Can I log into Bitwarden.com on a browser using a computer where there are not any Bitwarden browser extensions installed and the use Passkeys stored in my Bitwarden vault to log into another website on the same browser? I’m asking because I am wondering if using passkeys means I can no longer use a computer that is not mine, and where I am unable to install the extension on the browser. An example of this might be at work or at a public library, and I don’t have my phone or other personal device.
No, it doesn’t mean that. (putting other security considerations aside for the moment)
Indeed, on the machine itself you would need the BW browser extension to handle passkey authentication. (BTW, that is expected for the desktop app as well, whenever it arrives.)
It seems with that restriction to your question it would be “impossible”. If you had your BW mobile app on your phone with you, you could scan the passkey login QR code (i.e. use cross-device authentication, which would need bluetooth on both ends, though). – Another possibility would be to use a separate hardware security key that stores the passkeys.
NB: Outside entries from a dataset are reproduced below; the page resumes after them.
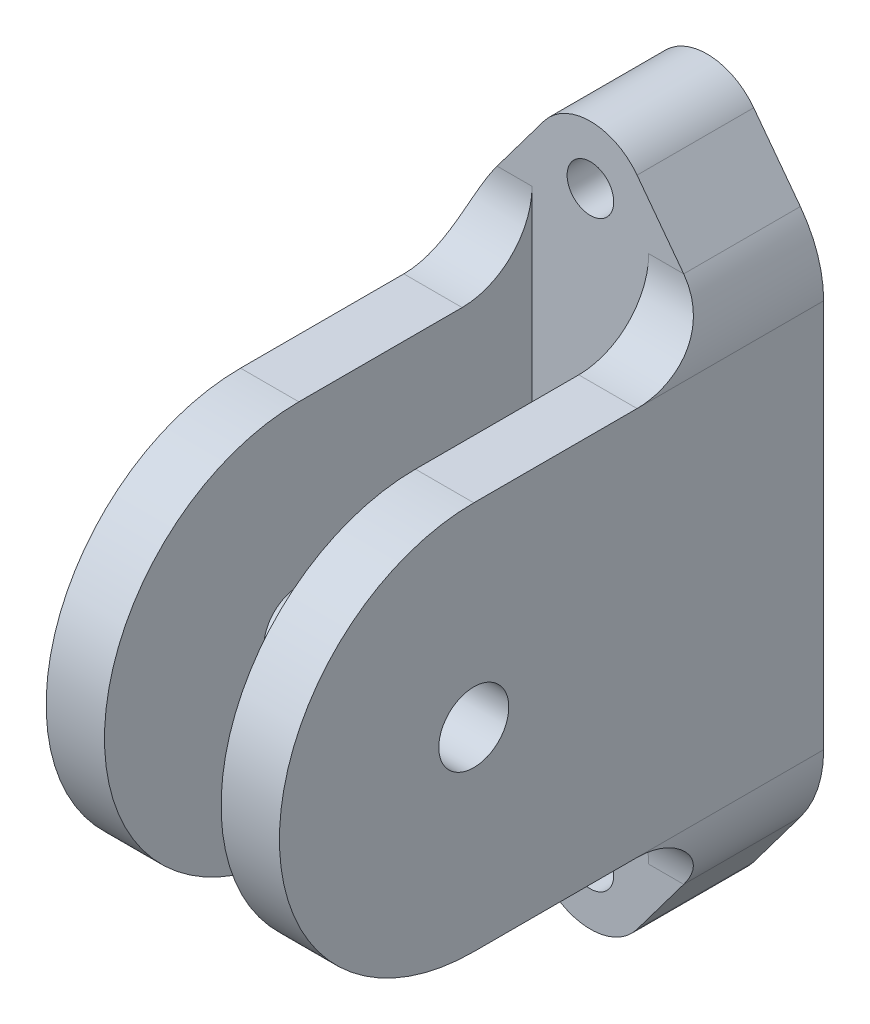
ISO-10303-21;
HEADER;
FILE_DESCRIPTION(('STEP AP214'),'2;1');
FILE_NAME('part.step','',(''),(''),'','','');
FILE_SCHEMA(('AUTOMOTIVE_DESIGN { 1 0 10303 214 1 1 1 1 }'));
ENDSEC;
DATA;
#1=APPLICATION_CONTEXT('core data for automotive mechanical design processes');
#2=APPLICATION_PROTOCOL_DEFINITION('international standard','automotive_design',2000,#1);
#3=PRODUCT_CONTEXT('',#1,'mechanical');
#4=PRODUCT('Part','Part','',(#3));
#5=PRODUCT_RELATED_PRODUCT_CATEGORY('part','',(#4));
#6=PRODUCT_DEFINITION_FORMATION('','',#4);
#7=PRODUCT_DEFINITION_CONTEXT('part definition',#1,'design');
#8=PRODUCT_DEFINITION('design','',#6,#7);
#9=PRODUCT_DEFINITION_SHAPE('','',#8);
#10=(LENGTH_UNIT() NAMED_UNIT(*) SI_UNIT(.MILLI.,.METRE.));
#11=(NAMED_UNIT(*) PLANE_ANGLE_UNIT() SI_UNIT($,.RADIAN.));
#12=(NAMED_UNIT(*) SI_UNIT($,.STERADIAN.) SOLID_ANGLE_UNIT());
#13=UNCERTAINTY_MEASURE_WITH_UNIT(LENGTH_MEASURE(1.E-05),#10,'distance_accuracy_value','');
#14=(GEOMETRIC_REPRESENTATION_CONTEXT(3) GLOBAL_UNCERTAINTY_ASSIGNED_CONTEXT((#13)) GLOBAL_UNIT_ASSIGNED_CONTEXT((#10,
#11,#12)) REPRESENTATION_CONTEXT('',''));
#15=CARTESIAN_POINT('',(0.,0.,0.));
#16=DIRECTION('',(0.,0.,1.));
#17=DIRECTION('',(1.,0.,0.));
#18=AXIS2_PLACEMENT_3D('',#15,#16,#17);
#19=CARTESIAN_POINT('',(0.,12.5,5.));
#20=DIRECTION('',(0.,0.,1.));
#21=DIRECTION('',(1.,0.,0.));
#22=AXIS2_PLACEMENT_3D('',#19,#20,#21);
#23=PLANE('',#22);
#24=CARTESIAN_POINT('',(0.,12.5,5.));
#25=DIRECTION('',(0.,0.,1.));
#26=DIRECTION('',(1.,0.,0.));
#27=AXIS2_PLACEMENT_3D('',#24,#25,#26);
#28=CIRCLE('',#27,1.);
#29=CARTESIAN_POINT('',(1.,12.5,5.));
#30=VERTEX_POINT('',#29);
#31=EDGE_CURVE('E256',#30,#30,#28,.T.);
#32=ORIENTED_EDGE('',*,*,#31,.F.);
#33=EDGE_LOOP('',(#32));
#34=FACE_BOUND('',#33,.T.);
#35=CARTESIAN_POINT('',(0.,-12.5,5.));
#36=DIRECTION('',(0.,0.,1.));
#37=DIRECTION('',(1.,0.,0.));
#38=AXIS2_PLACEMENT_3D('',#35,#36,#37);
#39=CIRCLE('',#38,1.);
#40=CARTESIAN_POINT('',(1.,-12.5,5.));
#41=VERTEX_POINT('',#40);
#42=EDGE_CURVE('E250',#41,#41,#39,.T.);
#43=ORIENTED_EDGE('',*,*,#42,.F.);
#44=EDGE_LOOP('',(#43));
#45=FACE_BOUND('',#44,.T.);
#46=DIRECTION('',(0.,-1.,0.));
#47=VECTOR('',#46,1.);
#48=CARTESIAN_POINT('',(2.5,8.33333333333333,5.));
#49=LINE('',#48,#47);
#50=CARTESIAN_POINT('',(2.5,11.3333333333333,5.));
#51=VERTEX_POINT('',#50);
#52=CARTESIAN_POINT('',(2.5,-11.3333333333333,5.));
#53=VERTEX_POINT('',#52);
#54=EDGE_CURVE('E207',#51,#53,#49,.T.);
#55=ORIENTED_EDGE('',*,*,#54,.F.);
#56=DIRECTION('',(1.,0.,0.));
#57=VECTOR('',#56,1.);
#58=CARTESIAN_POINT('',(0.,11.3333333333333,5.));
#59=LINE('',#58,#57);
#60=CARTESIAN_POINT('',(4.,11.3333333333333,5.));
#61=VERTEX_POINT('',#60);
#62=EDGE_CURVE('E340',#51,#61,#59,.T.);
#63=ORIENTED_EDGE('',*,*,#62,.T.);
#64=DIRECTION('',(-0.6,0.8,0.));
#65=VECTOR('',#64,1.);
#66=CARTESIAN_POINT('',(4.00000000000001,11.3333333333333,5.));
#67=LINE('',#66,#65);
#68=CARTESIAN_POINT('',(2.,14.,5.));
#69=VERTEX_POINT('',#68);
#70=EDGE_CURVE('E276',#61,#69,#67,.T.);
#71=ORIENTED_EDGE('',*,*,#70,.T.);
#72=CARTESIAN_POINT('',(0.,12.5,5.));
#73=DIRECTION('',(0.,0.,1.));
#74=DIRECTION('',(1.,0.,0.));
#75=AXIS2_PLACEMENT_3D('',#72,#73,#74);
#76=CIRCLE('',#75,2.5);
#77=CARTESIAN_POINT('',(-2.,14.,5.));
#78=VERTEX_POINT('',#77);
#79=EDGE_CURVE('E262',#69,#78,#76,.T.);
#80=ORIENTED_EDGE('',*,*,#79,.T.);
#81=DIRECTION('',(-0.6,-0.8,0.));
#82=VECTOR('',#81,1.);
#83=CARTESIAN_POINT('',(-4.00000000000001,11.3333333333333,5.));
#84=LINE('',#83,#82);
#85=CARTESIAN_POINT('',(-4.00000000000001,11.3333333333333,5.));
#86=VERTEX_POINT('',#85);
#87=EDGE_CURVE('E265',#78,#86,#84,.T.);
#88=ORIENTED_EDGE('',*,*,#87,.T.);
#89=DIRECTION('',(-1.,0.,0.));
#90=VECTOR('',#89,1.);
#91=CARTESIAN_POINT('',(-2.5,11.3333333333333,5.));
#92=LINE('',#91,#90);
#93=CARTESIAN_POINT('',(-2.5,11.3333333333333,5.));
#94=VERTEX_POINT('',#93);
#95=EDGE_CURVE('E334',#86,#94,#92,.F.);
#96=ORIENTED_EDGE('',*,*,#95,.T.);
#97=DIRECTION('',(0.,-1.,0.));
#98=VECTOR('',#97,1.);
#99=CARTESIAN_POINT('',(-2.5,8.33333333333333,5.));
#100=LINE('',#99,#98);
#101=CARTESIAN_POINT('',(-2.5,-11.3333333333333,5.));
#102=VERTEX_POINT('',#101);
#103=EDGE_CURVE('E227',#94,#102,#100,.T.);
#104=ORIENTED_EDGE('',*,*,#103,.T.);
#105=DIRECTION('',(-1.,0.,0.));
#106=VECTOR('',#105,1.);
#107=CARTESIAN_POINT('',(-5.,-11.3333333333333,5.));
#108=LINE('',#107,#106);
#109=CARTESIAN_POINT('',(-4.,-11.3333333333333,5.));
#110=VERTEX_POINT('',#109);
#111=EDGE_CURVE('E331',#102,#110,#108,.T.);
#112=ORIENTED_EDGE('',*,*,#111,.T.);
#113=DIRECTION('',(0.6,-0.8,0.));
#114=VECTOR('',#113,1.);
#115=CARTESIAN_POINT('',(-4.00000000000001,-11.3333333333333,5.));
#116=LINE('',#115,#114);
#117=CARTESIAN_POINT('',(-2.,-14.,5.));
#118=VERTEX_POINT('',#117);
#119=EDGE_CURVE('E269',#110,#118,#116,.T.);
#120=ORIENTED_EDGE('',*,*,#119,.T.);
#121=CARTESIAN_POINT('',(0.,-12.5,5.));
#122=DIRECTION('',(0.,0.,1.));
#123=DIRECTION('',(-1.,0.,0.));
#124=AXIS2_PLACEMENT_3D('',#121,#122,#123);
#125=CIRCLE('',#124,2.5);
#126=CARTESIAN_POINT('',(2.,-14.,5.));
#127=VERTEX_POINT('',#126);
#128=EDGE_CURVE('E271',#118,#127,#125,.T.);
#129=ORIENTED_EDGE('',*,*,#128,.T.);
#130=DIRECTION('',(0.6,0.8,0.));
#131=VECTOR('',#130,1.);
#132=CARTESIAN_POINT('',(4.00000000000001,-11.3333333333333,5.));
#133=LINE('',#132,#131);
#134=CARTESIAN_POINT('',(4.00000000000001,-11.3333333333333,5.));
#135=VERTEX_POINT('',#134);
#136=EDGE_CURVE('E273',#127,#135,#133,.T.);
#137=ORIENTED_EDGE('',*,*,#136,.T.);
#138=DIRECTION('',(1.,0.,0.));
#139=VECTOR('',#138,1.);
#140=CARTESIAN_POINT('',(0.,-11.3333333333333,5.));
#141=LINE('',#140,#139);
#142=EDGE_CURVE('E337',#135,#53,#141,.F.);
#143=ORIENTED_EDGE('',*,*,#142,.T.);
#144=EDGE_LOOP('',(#55,#63,#71,#80,#88,#96,#104,#112,#120,#129,#137,#143));
#145=FACE_BOUND('',#144,.T.);
#146=ADVANCED_FACE('F37',(#34,#45,#145),#23,.T.);
#147=CARTESIAN_POINT('',(0.,12.5,0.));
#148=DIRECTION('',(0.,0.,1.));
#149=DIRECTION('',(1.,0.,0.));
#150=AXIS2_PLACEMENT_3D('',#147,#148,#149);
#151=PLANE('',#150);
#152=CARTESIAN_POINT('',(0.,12.5,0.));
#153=DIRECTION('',(0.,0.,1.));
#154=DIRECTION('',(1.,0.,0.));
#155=AXIS2_PLACEMENT_3D('',#152,#153,#154);
#156=CIRCLE('',#155,2.5);
#157=CARTESIAN_POINT('',(2.,14.,0.));
#158=VERTEX_POINT('',#157);
#159=CARTESIAN_POINT('',(-2.,14.,0.));
#160=VERTEX_POINT('',#159);
#161=EDGE_CURVE('E259',#158,#160,#156,.T.);
#162=ORIENTED_EDGE('',*,*,#161,.F.);
#163=DIRECTION('',(-0.6,0.8,0.));
#164=VECTOR('',#163,1.);
#165=CARTESIAN_POINT('',(4.00000000000001,11.3333333333333,0.));
#166=LINE('',#165,#164);
#167=CARTESIAN_POINT('',(4.,11.3333333333333,0.));
#168=VERTEX_POINT('',#167);
#169=EDGE_CURVE('E266',#168,#158,#166,.T.);
#170=ORIENTED_EDGE('',*,*,#169,.F.);
#171=CARTESIAN_POINT('',(0.,8.33333333333333,0.));
#172=DIRECTION('',(0.,0.,1.));
#173=DIRECTION('',(-1.,0.,0.));
#174=AXIS2_PLACEMENT_3D('',#171,#172,#173);
#175=CIRCLE('',#174,5.);
#176=CARTESIAN_POINT('',(5.,8.33333333333333,0.));
#177=VERTEX_POINT('',#176);
#178=EDGE_CURVE('E299',#177,#168,#175,.T.);
#179=ORIENTED_EDGE('',*,*,#178,.F.);
#180=DIRECTION('',(0.,1.,0.));
#181=VECTOR('',#180,1.);
#182=CARTESIAN_POINT('',(5.,8.33333333333333,0.));
#183=LINE('',#182,#181);
#184=CARTESIAN_POINT('',(5.,-8.33333333333333,0.));
#185=VERTEX_POINT('',#184);
#186=EDGE_CURVE('E297',#185,#177,#183,.T.);
#187=ORIENTED_EDGE('',*,*,#186,.F.);
#188=CARTESIAN_POINT('',(0.,-8.33333333333333,0.));
#189=DIRECTION('',(0.,0.,1.));
#190=DIRECTION('',(1.,0.,0.));
#191=AXIS2_PLACEMENT_3D('',#188,#189,#190);
#192=CIRCLE('',#191,5.);
#193=CARTESIAN_POINT('',(4.00000000000001,-11.3333333333333,0.));
#194=VERTEX_POINT('',#193);
#195=EDGE_CURVE('E295',#194,#185,#192,.T.);
#196=ORIENTED_EDGE('',*,*,#195,.F.);
#197=DIRECTION('',(0.6,0.8,0.));
#198=VECTOR('',#197,1.);
#199=CARTESIAN_POINT('',(4.00000000000001,-11.3333333333333,0.));
#200=LINE('',#199,#198);
#201=CARTESIAN_POINT('',(2.,-14.,0.));
#202=VERTEX_POINT('',#201);
#203=EDGE_CURVE('E293',#202,#194,#200,.T.);
#204=ORIENTED_EDGE('',*,*,#203,.F.);
#205=CARTESIAN_POINT('',(0.,-12.5,0.));
#206=DIRECTION('',(0.,0.,1.));
#207=DIRECTION('',(-1.,0.,0.));
#208=AXIS2_PLACEMENT_3D('',#205,#206,#207);
#209=CIRCLE('',#208,2.5);
#210=CARTESIAN_POINT('',(-2.,-14.,0.));
#211=VERTEX_POINT('',#210);
#212=EDGE_CURVE('E291',#211,#202,#209,.T.);
#213=ORIENTED_EDGE('',*,*,#212,.F.);
#214=DIRECTION('',(0.6,-0.8,0.));
#215=VECTOR('',#214,1.);
#216=CARTESIAN_POINT('',(-4.00000000000001,-11.3333333333333,0.));
#217=LINE('',#216,#215);
#218=CARTESIAN_POINT('',(-4.,-11.3333333333333,0.));
#219=VERTEX_POINT('',#218);
#220=EDGE_CURVE('E289',#219,#211,#217,.T.);
#221=ORIENTED_EDGE('',*,*,#220,.F.);
#222=CARTESIAN_POINT('',(0.,-8.33333333333333,0.));
#223=DIRECTION('',(0.,0.,1.));
#224=DIRECTION('',(1.,0.,0.));
#225=AXIS2_PLACEMENT_3D('',#222,#223,#224);
#226=CIRCLE('',#225,5.);
#227=CARTESIAN_POINT('',(-5.,-8.33333333333333,0.));
#228=VERTEX_POINT('',#227);
#229=EDGE_CURVE('E287',#228,#219,#226,.T.);
#230=ORIENTED_EDGE('',*,*,#229,.F.);
#231=DIRECTION('',(0.,-1.,0.));
#232=VECTOR('',#231,1.);
#233=CARTESIAN_POINT('',(-5.,8.33333333333333,0.));
#234=LINE('',#233,#232);
#235=CARTESIAN_POINT('',(-5.,8.33333333333333,0.));
#236=VERTEX_POINT('',#235);
#237=EDGE_CURVE('E285',#236,#228,#234,.T.);
#238=ORIENTED_EDGE('',*,*,#237,.F.);
#239=CARTESIAN_POINT('',(0.,8.33333333333333,0.));
#240=DIRECTION('',(0.,0.,1.));
#241=DIRECTION('',(1.,0.,0.));
#242=AXIS2_PLACEMENT_3D('',#239,#240,#241);
#243=CIRCLE('',#242,5.);
#244=CARTESIAN_POINT('',(-4.00000000000001,11.3333333333333,0.));
#245=VERTEX_POINT('',#244);
#246=EDGE_CURVE('E283',#245,#236,#243,.T.);
#247=ORIENTED_EDGE('',*,*,#246,.F.);
#248=DIRECTION('',(-0.6,-0.8,0.));
#249=VECTOR('',#248,1.);
#250=CARTESIAN_POINT('',(-4.00000000000001,11.3333333333333,0.));
#251=LINE('',#250,#249);
#252=EDGE_CURVE('E281',#160,#245,#251,.T.);
#253=ORIENTED_EDGE('',*,*,#252,.F.);
#254=EDGE_LOOP('',(#162,#170,#179,#187,#196,#204,#213,#221,#230,#238,#247,#253));
#255=FACE_BOUND('',#254,.T.);
#256=CARTESIAN_POINT('',(0.,12.5,0.));
#257=DIRECTION('',(0.,0.,1.));
#258=DIRECTION('',(1.,0.,0.));
#259=AXIS2_PLACEMENT_3D('',#256,#257,#258);
#260=CIRCLE('',#259,1.);
#261=CARTESIAN_POINT('',(1.,12.5,0.));
#262=VERTEX_POINT('',#261);
#263=EDGE_CURVE('E253',#262,#262,#260,.T.);
#264=ORIENTED_EDGE('',*,*,#263,.T.);
#265=EDGE_LOOP('',(#264));
#266=FACE_BOUND('',#265,.T.);
#267=CARTESIAN_POINT('',(0.,-12.5,0.));
#268=DIRECTION('',(0.,0.,1.));
#269=DIRECTION('',(1.,0.,0.));
#270=AXIS2_PLACEMENT_3D('',#267,#268,#269);
#271=CIRCLE('',#270,1.);
#272=CARTESIAN_POINT('',(1.,-12.5,0.));
#273=VERTEX_POINT('',#272);
#274=EDGE_CURVE('E247',#273,#273,#271,.T.);
#275=ORIENTED_EDGE('',*,*,#274,.T.);
#276=EDGE_LOOP('',(#275));
#277=FACE_BOUND('',#276,.T.);
#278=ADVANCED_FACE('F436',(#255,#266,#277),#151,.F.);
#279=CARTESIAN_POINT('',(0.,12.5,5.));
#280=DIRECTION('',(0.,0.,-1.));
#281=DIRECTION('',(-1.,0.,0.));
#282=AXIS2_PLACEMENT_3D('',#279,#280,#281);
#283=CYLINDRICAL_SURFACE('',#282,2.5);
#284=ORIENTED_EDGE('',*,*,#161,.T.);
#285=DIRECTION('',(0.,0.,-1.));
#286=VECTOR('',#285,1.);
#287=CARTESIAN_POINT('',(-2.,14.,5.));
#288=LINE('',#287,#286);
#289=EDGE_CURVE('E328',#78,#160,#288,.T.);
#290=ORIENTED_EDGE('',*,*,#289,.F.);
#291=ORIENTED_EDGE('',*,*,#79,.F.);
#292=DIRECTION('',(0.,0.,-1.));
#293=VECTOR('',#292,1.);
#294=CARTESIAN_POINT('',(2.,14.,5.));
#295=LINE('',#294,#293);
#296=EDGE_CURVE('E278',#69,#158,#295,.T.);
#297=ORIENTED_EDGE('',*,*,#296,.T.);
#298=EDGE_LOOP('',(#284,#290,#291,#297));
#299=FACE_BOUND('',#298,.T.);
#300=ADVANCED_FACE('F375',(#299),#283,.T.);
#301=CARTESIAN_POINT('',(-4.00000000000001,11.3333333333333,5.));
#302=DIRECTION('',(0.8,-0.6,0.));
#303=DIRECTION('',(0.6,0.8,0.));
#304=AXIS2_PLACEMENT_3D('',#301,#302,#303);
#305=PLANE('',#304);
#306=ORIENTED_EDGE('',*,*,#252,.T.);
#307=DIRECTION('',(0.,0.,-1.));
#308=VECTOR('',#307,1.);
#309=CARTESIAN_POINT('',(-4.00000000000001,11.3333333333333,5.));
#310=LINE('',#309,#308);
#311=EDGE_CURVE('E325',#86,#245,#310,.T.);
#312=ORIENTED_EDGE('',*,*,#311,.F.);
#313=ORIENTED_EDGE('',*,*,#87,.F.);
#314=ORIENTED_EDGE('',*,*,#289,.T.);
#315=EDGE_LOOP('',(#306,#312,#313,#314));
#316=FACE_BOUND('',#315,.T.);
#317=ADVANCED_FACE('F430',(#316),#305,.F.);
#318=CARTESIAN_POINT('',(0.,8.33333333333333,5.));
#319=DIRECTION('',(0.,0.,-1.));
#320=DIRECTION('',(-1.,0.,0.));
#321=AXIS2_PLACEMENT_3D('',#318,#319,#320);
#322=CYLINDRICAL_SURFACE('',#321,5.);
#323=ORIENTED_EDGE('',*,*,#246,.T.);
#324=DIRECTION('',(0.,0.,-1.));
#325=VECTOR('',#324,1.);
#326=CARTESIAN_POINT('',(-5.,8.33333333333333,5.));
#327=LINE('',#326,#325);
#328=CARTESIAN_POINT('',(-5.,8.33333333333333,8.));
#329=VERTEX_POINT('',#328);
#330=EDGE_CURVE('E79',#329,#236,#327,.T.);
#331=ORIENTED_EDGE('',*,*,#330,.F.);
#332=CARTESIAN_POINT('',(-5.,8.33333333333333,8.));
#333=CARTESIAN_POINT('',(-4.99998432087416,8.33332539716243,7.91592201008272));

Like @Nail1684 said, to use passkeys stored in Bitwarden, you need one of these: 1) the browser extension (now), 2) the desktop app (future, currently in beta), or 3) a mobile app that supports passkey cross-device authentication.
I agree with Nail1684 that using passkeys stored on a security key is a good way to maximize security. Even that has some risks: 1) your session tokens can be stolen and reused while they’re active (if you’re not logged out or an attacker takes over your account), and 2) your passkey PIN can be observed and the security key stolen. How much do you trust a publically maintained/used system?
Using a security key with built-in biometrics can help mitigate risk #2.